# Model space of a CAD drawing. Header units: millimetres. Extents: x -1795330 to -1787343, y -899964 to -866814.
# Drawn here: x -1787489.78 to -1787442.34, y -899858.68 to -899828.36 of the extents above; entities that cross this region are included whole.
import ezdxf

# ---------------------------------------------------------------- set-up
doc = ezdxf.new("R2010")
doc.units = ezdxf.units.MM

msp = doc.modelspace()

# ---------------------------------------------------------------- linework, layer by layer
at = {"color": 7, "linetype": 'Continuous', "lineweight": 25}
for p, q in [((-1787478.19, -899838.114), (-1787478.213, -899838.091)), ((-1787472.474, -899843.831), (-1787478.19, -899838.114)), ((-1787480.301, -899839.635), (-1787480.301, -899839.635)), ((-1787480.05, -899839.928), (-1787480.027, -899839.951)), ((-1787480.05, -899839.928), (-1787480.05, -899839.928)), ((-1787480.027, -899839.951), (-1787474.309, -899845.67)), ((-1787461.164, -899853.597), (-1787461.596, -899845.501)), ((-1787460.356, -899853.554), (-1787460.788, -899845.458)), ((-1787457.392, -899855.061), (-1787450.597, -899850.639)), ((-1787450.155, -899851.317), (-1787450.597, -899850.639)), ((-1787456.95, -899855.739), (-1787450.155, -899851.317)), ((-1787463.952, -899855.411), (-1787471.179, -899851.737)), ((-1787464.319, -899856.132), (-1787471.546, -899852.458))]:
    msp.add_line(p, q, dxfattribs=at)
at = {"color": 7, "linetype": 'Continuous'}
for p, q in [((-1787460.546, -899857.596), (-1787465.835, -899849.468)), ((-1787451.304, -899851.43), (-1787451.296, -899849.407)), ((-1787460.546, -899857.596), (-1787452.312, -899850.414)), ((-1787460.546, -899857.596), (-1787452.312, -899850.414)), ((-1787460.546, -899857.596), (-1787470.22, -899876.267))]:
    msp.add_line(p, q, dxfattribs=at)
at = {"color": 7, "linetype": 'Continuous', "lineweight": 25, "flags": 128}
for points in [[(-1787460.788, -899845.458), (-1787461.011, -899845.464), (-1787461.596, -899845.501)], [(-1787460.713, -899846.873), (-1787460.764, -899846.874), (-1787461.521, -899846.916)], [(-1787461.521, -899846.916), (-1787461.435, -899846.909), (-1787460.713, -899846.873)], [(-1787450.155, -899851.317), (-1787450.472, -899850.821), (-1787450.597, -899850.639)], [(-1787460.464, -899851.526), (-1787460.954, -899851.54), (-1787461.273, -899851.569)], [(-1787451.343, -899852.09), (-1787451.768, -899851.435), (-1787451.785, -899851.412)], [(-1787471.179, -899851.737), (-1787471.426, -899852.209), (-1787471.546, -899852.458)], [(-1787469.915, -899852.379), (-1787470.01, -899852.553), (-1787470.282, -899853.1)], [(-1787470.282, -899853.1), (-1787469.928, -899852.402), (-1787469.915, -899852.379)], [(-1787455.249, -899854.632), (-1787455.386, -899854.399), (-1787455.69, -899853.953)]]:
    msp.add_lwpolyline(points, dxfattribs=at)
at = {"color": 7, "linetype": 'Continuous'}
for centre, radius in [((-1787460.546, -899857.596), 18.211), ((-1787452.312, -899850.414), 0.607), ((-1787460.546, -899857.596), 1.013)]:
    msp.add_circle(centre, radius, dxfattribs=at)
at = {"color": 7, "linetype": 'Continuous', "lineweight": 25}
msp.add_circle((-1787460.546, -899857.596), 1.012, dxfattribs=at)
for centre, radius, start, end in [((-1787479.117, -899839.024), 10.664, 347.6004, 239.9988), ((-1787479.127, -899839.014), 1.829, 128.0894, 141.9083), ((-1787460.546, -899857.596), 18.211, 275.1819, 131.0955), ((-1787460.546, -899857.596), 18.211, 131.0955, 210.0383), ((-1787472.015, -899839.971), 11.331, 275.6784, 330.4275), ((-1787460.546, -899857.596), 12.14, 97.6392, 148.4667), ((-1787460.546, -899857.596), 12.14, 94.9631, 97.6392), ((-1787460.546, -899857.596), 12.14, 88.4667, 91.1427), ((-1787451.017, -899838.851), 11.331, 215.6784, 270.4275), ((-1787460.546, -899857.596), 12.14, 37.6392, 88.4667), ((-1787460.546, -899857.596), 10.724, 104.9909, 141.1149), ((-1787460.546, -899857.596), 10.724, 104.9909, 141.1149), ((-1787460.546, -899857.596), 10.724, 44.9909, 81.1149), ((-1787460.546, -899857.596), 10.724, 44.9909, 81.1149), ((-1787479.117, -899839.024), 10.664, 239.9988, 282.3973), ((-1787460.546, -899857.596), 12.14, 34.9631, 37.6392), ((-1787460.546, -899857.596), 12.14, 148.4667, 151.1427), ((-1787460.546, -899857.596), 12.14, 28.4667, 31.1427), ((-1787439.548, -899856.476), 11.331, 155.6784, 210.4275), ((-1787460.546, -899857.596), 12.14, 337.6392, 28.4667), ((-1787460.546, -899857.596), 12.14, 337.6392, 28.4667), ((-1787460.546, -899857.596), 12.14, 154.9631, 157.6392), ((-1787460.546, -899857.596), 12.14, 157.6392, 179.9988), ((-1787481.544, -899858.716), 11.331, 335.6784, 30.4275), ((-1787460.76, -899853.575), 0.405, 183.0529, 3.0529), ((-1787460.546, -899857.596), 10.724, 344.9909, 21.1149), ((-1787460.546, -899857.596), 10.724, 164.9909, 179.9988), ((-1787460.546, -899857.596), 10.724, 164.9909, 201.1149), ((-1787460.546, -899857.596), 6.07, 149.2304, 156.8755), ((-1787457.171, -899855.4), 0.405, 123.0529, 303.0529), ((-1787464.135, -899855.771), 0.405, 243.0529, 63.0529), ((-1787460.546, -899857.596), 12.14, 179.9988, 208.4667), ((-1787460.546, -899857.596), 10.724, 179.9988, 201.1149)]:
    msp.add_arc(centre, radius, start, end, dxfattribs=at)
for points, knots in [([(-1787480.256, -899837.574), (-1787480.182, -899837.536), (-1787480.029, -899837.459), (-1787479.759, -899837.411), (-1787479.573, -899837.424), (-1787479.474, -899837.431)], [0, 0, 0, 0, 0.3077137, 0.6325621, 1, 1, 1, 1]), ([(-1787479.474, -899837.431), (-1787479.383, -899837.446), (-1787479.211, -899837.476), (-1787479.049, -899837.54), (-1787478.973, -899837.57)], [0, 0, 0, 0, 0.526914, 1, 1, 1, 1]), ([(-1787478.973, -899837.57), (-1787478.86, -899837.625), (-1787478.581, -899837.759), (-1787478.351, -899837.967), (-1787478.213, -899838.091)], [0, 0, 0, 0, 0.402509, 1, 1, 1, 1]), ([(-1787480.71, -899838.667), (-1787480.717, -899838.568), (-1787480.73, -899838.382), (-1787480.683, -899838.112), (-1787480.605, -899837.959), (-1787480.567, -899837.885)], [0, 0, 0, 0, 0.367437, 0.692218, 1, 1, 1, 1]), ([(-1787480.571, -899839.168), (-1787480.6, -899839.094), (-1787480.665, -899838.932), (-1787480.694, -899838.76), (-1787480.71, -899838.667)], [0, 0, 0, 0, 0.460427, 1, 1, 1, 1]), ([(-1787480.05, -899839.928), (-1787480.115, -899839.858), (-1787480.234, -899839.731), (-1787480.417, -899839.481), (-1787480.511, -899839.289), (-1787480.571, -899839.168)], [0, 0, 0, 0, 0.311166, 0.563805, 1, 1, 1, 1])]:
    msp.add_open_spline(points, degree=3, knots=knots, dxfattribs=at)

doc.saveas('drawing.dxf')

------

## TO DO
If a line of the data contains the word "units", it counts toward the total; state that total alone.

## SOLUTION TO THE EXERCISE
2